Titanium dioxide (TiO2-1125A) was purchased from Yong-Zhen Technomaterial Co. LTD (Taiwan). Commercial-grade polyvinyl acetate (PVA-666) binder was purchased from Gunway Co. (Taiwan). Formaldehyde was purchased from Sigma Aldrich (USA). All chemicals were ultrapure grade and were used without further purification. Ultrapure water produced by a Milli-Q system (Millipore, USA) was used as a solvent.

A stainless steel filter (21 × 21 × 1.5 mm) was used as a mesh supporting substrate in the air purifier unit to decrease chemical adsorption. The mesh filters were used in our experiments without film modification, except in those experiments that examined the photocatalytic oxidation mode of the air handling system. Setup of Air Conditioning Box with Photoreactor

As shown in Fig. 2, a recirculating air system with a photoreaction unit was used to examine the removal kinetics of formaldehyde pollution in indoor environments.

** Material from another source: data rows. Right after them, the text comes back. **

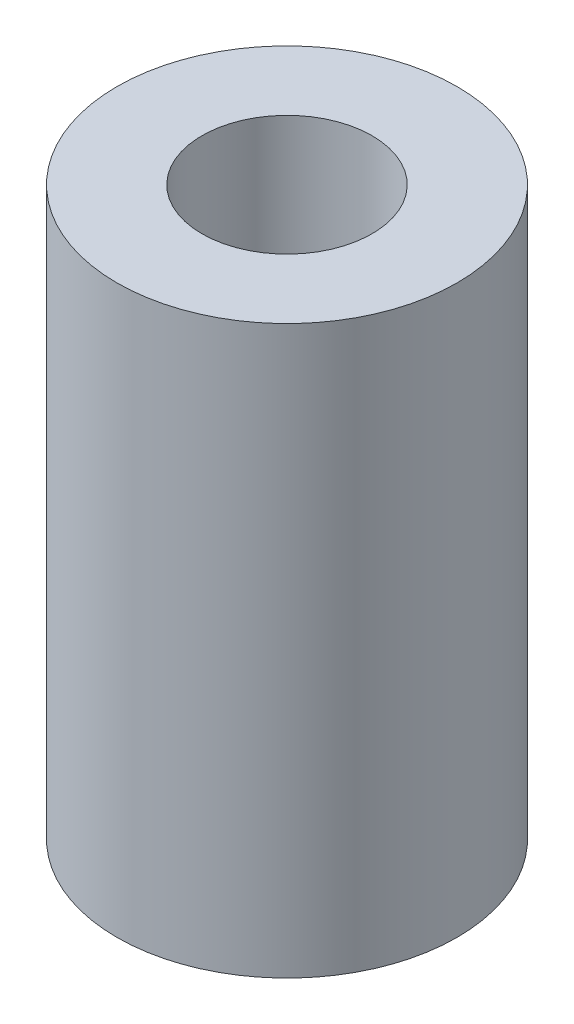
from build123d import *

# Parameters (mm, degrees)
SKETCH1_R           = 6
BOSS_EXTRUDE3_DEPTH = 20
SKETCH5_R           = 3
CUT_EXTRUDE2_DEPTH  = 9
SKETCH6_R           = 1
CUT_EXTRUDE3_DEPTH  = 9


with BuildPart() as part:
    # Sketch1 → Boss-Extrude3 (new body)
    with BuildSketch(Plane(origin=(0, 0, 0), x_dir=(1, 0, 0), z_dir=(0, 1, 0))):
        with Locations(Location((0, 0, 0), (0, 0, 270))):
            Circle(SKETCH1_R)
    extrude(amount=BOSS_EXTRUDE3_DEPTH)

    # Sketch5 → Cut-Extrude2 (cut)
    with BuildSketch(Plane(origin=(0, 20, 0), x_dir=(1, 0, 0), z_dir=(0, 1, 0))):
        with Locations(Location((0, 0, 0), (0, 0, 270))):
            Circle(SKETCH5_R)
    extrude(amount=-CUT_EXTRUDE2_DEPTH, mode=Mode.SUBTRACT)

    # Sketch6 → Cut-Extrude3 (cut)
    with BuildSketch(Plane.XZ):
        with Locations(Location((0, 0, 0), (0, 0, 270))):
            Circle(SKETCH6_R)
    extrude(amount=-CUT_EXTRUDE3_DEPTH, mode=Mode.SUBTRACT)


solid = part.part

The air conditioning recirculation tank used in this study was constructed from existing laboratory equipment, including an air conditioning unit (P.A. Hilton Ltd., UK) with a vapor compression cooling device, heating coil, fan, and humidifier. The mixing chamber’s surface is polished and chemically inert, and inhibits adsorption. The system also allowed operation at various wind speeds, temperatures and humidity levels.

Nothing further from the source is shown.